MH prediction modeling and validation in r (1) regression 190709
 
MH Prediction Modeling and Validation -clean
MH Prediction Modeling and Validation -cleanMH Prediction Modeling and Validation -clean
MH Prediction Modeling and Validation -clean
 
r for data science 4. exploratory data analysis clean -rev -ref
r for data science 4. exploratory data analysis  clean -rev -refr for data science 4. exploratory data analysis  clean -rev -ref
r for data science 4. exploratory data analysis clean -rev -ref
 
CDM SynPuf OMOP CDM library(rodbc) library(ggplot2) library(jsonlite) 180403
CDM SynPuf OMOP CDM library(rodbc) library(ggplot2) library(jsonlite) 180403CDM SynPuf OMOP CDM library(rodbc) library(ggplot2) library(jsonlite) 180403
CDM SynPuf OMOP CDM library(rodbc) library(ggplot2) library(jsonlite) 180403
 

Último

Delhi Call Girls Punjabi Bagh 9711199171 ☎✔👌✔ Whatsapp Hard And Sexy Vip Call
Delhi Call Girls Punjabi Bagh 9711199171 ☎✔👌✔ Whatsapp Hard And Sexy Vip CallDelhi Call Girls Punjabi Bagh 9711199171 ☎✔👌✔ Whatsapp Hard And Sexy Vip Call
Delhi Call Girls Punjabi Bagh 9711199171 ☎✔👌✔ Whatsapp Hard And Sexy Vip Callshivangimorya083
 
BPAC WITH UFSBI GENERAL PRESENTATION 18_05_2017-1.pptx
BPAC WITH UFSBI GENERAL PRESENTATION 18_05_2017-1.pptxBPAC WITH UFSBI GENERAL PRESENTATION 18_05_2017-1.pptx
BPAC WITH UFSBI GENERAL PRESENTATION 18_05_2017-1.pptxMohammedJunaid861692
 
BigBuy dropshipping via API with DroFx.pptx
BigBuy dropshipping via API with DroFx.pptxBigBuy dropshipping via API with DroFx.pptx
BigBuy dropshipping via API with DroFx.pptxolyaivanovalion
 
Log Analysis using OSSEC sasoasasasas.pptx
Log Analysis using OSSEC sasoasasasas.pptxLog Analysis using OSSEC sasoasasasas.pptx
Log Analysis using OSSEC sasoasasasas.pptxJohnnyPlasten
 
Schema on read is obsolete.
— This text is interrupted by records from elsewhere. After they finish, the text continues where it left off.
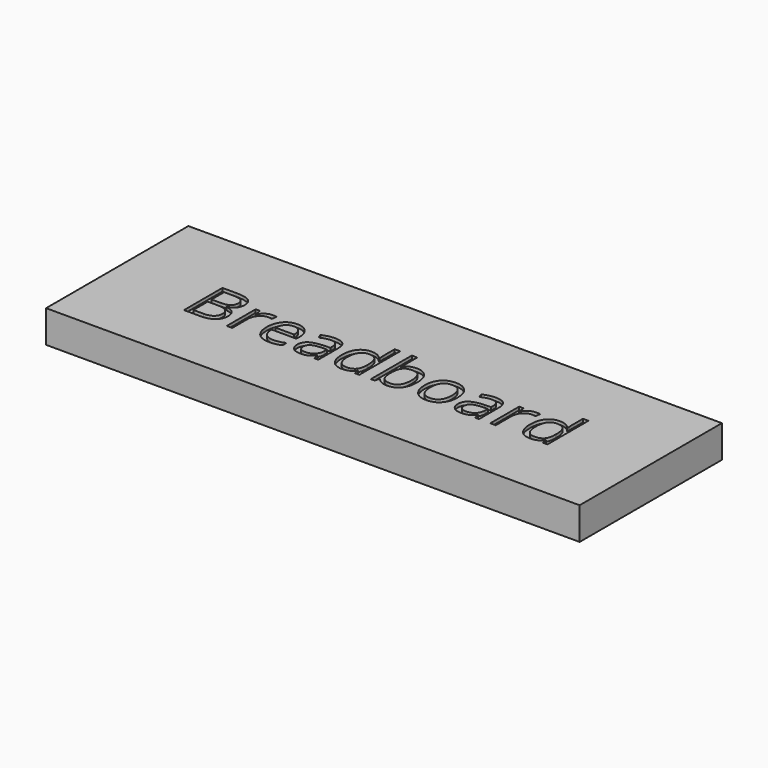
from build123d import *

# Parameters (mm, degrees)
F0_W         = 165
F0_H         = 55
F1_DEPTH     = 10
F2_TEXT_SIZE = 20.8333333333
F3_DEPTH     = 1


# Not quite as in the source:
# - Text() gives the source's letters only with a copy of the font that has no kerning and outlines rounded to 1/6400 em; it was checked with that copy


with BuildPart() as f1:
    # F0 (on Top) → F1 (new body)
    with BuildSketch(Plane.XY):
        Rectangle(F0_W, F0_H)
    extrude(amount=F1_DEPTH)

    # F2 (on face) → F3 (cut)
    with BuildSketch(Plane.XY.offset(10)):
        with Locations((-57.9085286458, -7.5)):
            Text('Breadboard', F2_TEXT_SIZE, font='Open Sans', text_align=(TextAlign.LEFT, TextAlign.BOTTOM))
    extrude(amount=-F3_DEPTH, mode=Mode.SUBTRACT)


solid = f1.part

Welcome metaprogramming..pdf
Schema on read is obsolete. Welcome metaprogramming..pdfSchema on read is obsolete. Welcome metaprogramming..pdf
Schema on read is obsolete. Welcome metaprogramming..pdfLars Albertsson
 
Capstone Project on IBM Data Analytics Program
Capstone Project on IBM Data Analytics ProgramCapstone Project on IBM Data Analytics Program
Capstone Project on IBM Data Analytics ProgramMoniSankarHazra
 
Generative AI on Enterprise Cloud with NiFi and Milvus
Generative AI on Enterprise Cloud with NiFi and MilvusGenerative AI on Enterprise Cloud with NiFi and Milvus
Generative AI on Enterprise Cloud with NiFi and MilvusTimothy Spann
 
(PARI) Call Girls Wanowrie ( 7001035870 ) HI-Fi Pune Escorts Service
(PARI) Call Girls Wanowrie ( 7001035870 ) HI-Fi Pune Escorts Service(PARI) Call Girls Wanowrie ( 7001035870 ) HI-Fi Pune Escorts Service
(PARI) Call Girls Wanowrie ( 7001035870 ) HI-Fi Pune Escorts Serviceranjana rawat
 
Mature dropshipping via API with DroFx.pptx
Mature dropshipping via API with DroFx.pptxMature dropshipping via API with DroFx.pptx
Mature dropshipping via API with DroFx.pptxolyaivanovalion
 
VidaXL dropshipping via API with DroFx.pptx
VidaXL dropshipping via API with DroFx.pptxVidaXL dropshipping via API with DroFx.pptx
VidaXL dropshipping via API with DroFx.pptxolyaivanovalion
 
Best VIP Call Girls Noida Sector 39 Call Me: 8448380779
Best VIP Call Girls Noida Sector 39 Call Me: 8448380779Best VIP Call Girls Noida Sector 39 Call Me: 8448380779
Best VIP Call Girls Noida Sector 39 Call Me: 8448380779Delhi Call girls
 
BabyOno dropshipping via API with DroFx.pptx
BabyOno dropshipping via API with DroFx.pptxBabyOno dropshipping via API with DroFx.pptx
BabyOno dropshipping via API with DroFx.pptxolyaivanovalion
 
FESE Capital Markets Fact Sheet 2024 Q1.pdf
FESE Capital Markets Fact Sheet 2024 Q1.pdfFESE Capital Markets Fact Sheet 2024 Q1.pdf
FESE Capital Markets Fact Sheet 2024 Q1.pdfMarinCaroMartnezBerg
 
Edukaciniai dropshipping via API with DroFx
Edukaciniai dropshipping via API with DroFxEdukaciniai dropshipping via API with DroFx
Edukaciniai dropshipping via API with DroFxolyaivanovalion
 
Call Girls 🫤 Dwarka ➡️ 9711199171 ➡️ Delhi 🫦 Two shot with one girl
Call Girls 🫤 Dwarka ➡️ 9711199171 ➡️ Delhi 🫦 Two shot with one girlCall Girls 🫤 Dwarka ➡️ 9711199171 ➡️ Delhi 🫦 Two shot with one girl
Call Girls 🫤 Dwarka ➡️ 9711199171 ➡️ Delhi 🫦 Two shot with one girlkumarajju5765
 
Junnasandra Call Girls: 🍓 7737669865 🍓 High Profile Model Escorts | Bangalore...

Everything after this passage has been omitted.